• WHAT TO DO: When the line containing "- C:\Autodesk Inventor 2021 Intro Practice Files\Fixutre" is found in the data below, copy it and each line after it through the line containing "- C:\Autodesk Inventor 2021 Intro Practice Files\Screw", exactly and with no others.

(Stored entries)
----------------

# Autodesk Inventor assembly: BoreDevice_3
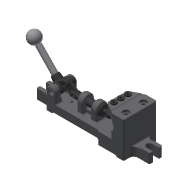
[picture p0: Inventor's stored thumbnail of the model, 180x180]
Saved by Autodesk Inventor 2022 Beta2 (Build 260130000, 130) ContinuousBuild 0
## iProperties
Created: 2006-01-30
Part Number: BoreDevice_3
Document SubType Name: Assembly
Designer: landrews
Author: landrews
## Documents named in this file (11)
- C:\Autodesk Inventor 2021 Intro Practice Files\BoreDevice_3.iam
- C:\Autodesk Inventor 2021 Intro Practice Files\Bore Base.ipt
- C:\Autodesk Inventor 2021 Intro Practice Files\Pin Pressure.ipt
- C:\Autodesk Inventor 2021 Intro Practice Files\Lever Angle.ipt
- C:\Autodesk Inventor 2021 Intro Practice Files\Fixutre Drill.ipt
- C:\Autodesk Inventor 2021 Intro Practice Files\Link_N.ipt
- C:\Autodesk Inventor 2021 Intro Practice Files\Thumb Screw.ipt
- C:\Autodesk Inventor 2021 Intro Practice Files\Screw Adjust.ipt
- C:\Autodesk Inventor 2021 Intro Practice Files\Pin Seized.ipt
- C:\Autodesk Inventor 2021 Intro Practice Files\Ball Lever.ipt
- C:\Autodesk Inventor 2021 Intro Practice Files\Bushing Drill.ipt
## Components (12 placed, 10 different names)
1. Bore Base:1 — Mate:2, Mate:3, Insert:5, Insert:6, Mate:5
2. Pin Pressure:1 — Mate:5, Mate:6, Mate:7, Mate:8
3. Lever Angle:1 — Mate:2, Mate:3, Insert:10, Mate:11, Mate:12
4. Link_N:1 — Insert:10, Mate:6
5. Screw Adjust:1 — Mate:9
6. Thumb Screw:1 — Mate:7, Mate:8, Mate:9
7. Pin Seized:1 — Mate:11, Mate:12, Insert:11
8. Ball Lever:1 — Insert:11
9. Fixutre Drill:1 — Insert:5, Insert:6, Insert:12, Insert:13, Insert:14
10. Bushing Drill:1 — Insert:12
11. Bushing Drill:2 — Insert:14
12. Bushing Drill:3 — Insert:13
## Relationships (16: Mate 9, Insert 7)
- Mate:2: Bore Base:1 ↔ Lever Angle:1
- Mate:3: Bore Base:1 ↔ Lever Angle:1
- Insert:5: Bore Base:1 ↔ Fixutre Drill:1
- Insert:6: Bore Base:1 ↔ Fixutre Drill:1
- Mate:5: Bore Base:1 ↔ Pin Pressure:1
- Insert:10: Lever Angle:1 ↔ Link_N:1
- Mate:6: Pin Pressure:1 ↔ Link_N:1
- Mate:7: Pin Pressure:1 ↔ Thumb Screw:1
- Mate:8: Pin Pressure:1 ↔ Thumb Screw:1
- Mate:9: Screw Adjust:1 ↔ Thumb Screw:1
- Mate:11: Lever Angle:1 ↔ Pin Seized:1
- Mate:12: Lever Angle:1 ↔ Pin Seized:1
- Insert:11: Pin Seized:1 ↔ Ball Lever:1
- Insert:12: Fixutre Drill:1 ↔ Bushing Drill:1
- Insert:13: Fixutre Drill:1 ↔ Bushing Drill:3
- Insert:14: Fixutre Drill:1 ↔ Bushing Drill:2

----------------

• ANSWER:
- C:\Autodesk Inventor 2021 Intro Practice Files\Fixutre Drill.ipt
- C:\Autodesk Inventor 2021 Intro Practice Files\Link_N.ipt
- C:\Autodesk Inventor 2021 Intro Practice Files\Thumb Screw.ipt
- C:\Autodesk Inventor 2021 Intro Practice Files\Screw Adjust.ipt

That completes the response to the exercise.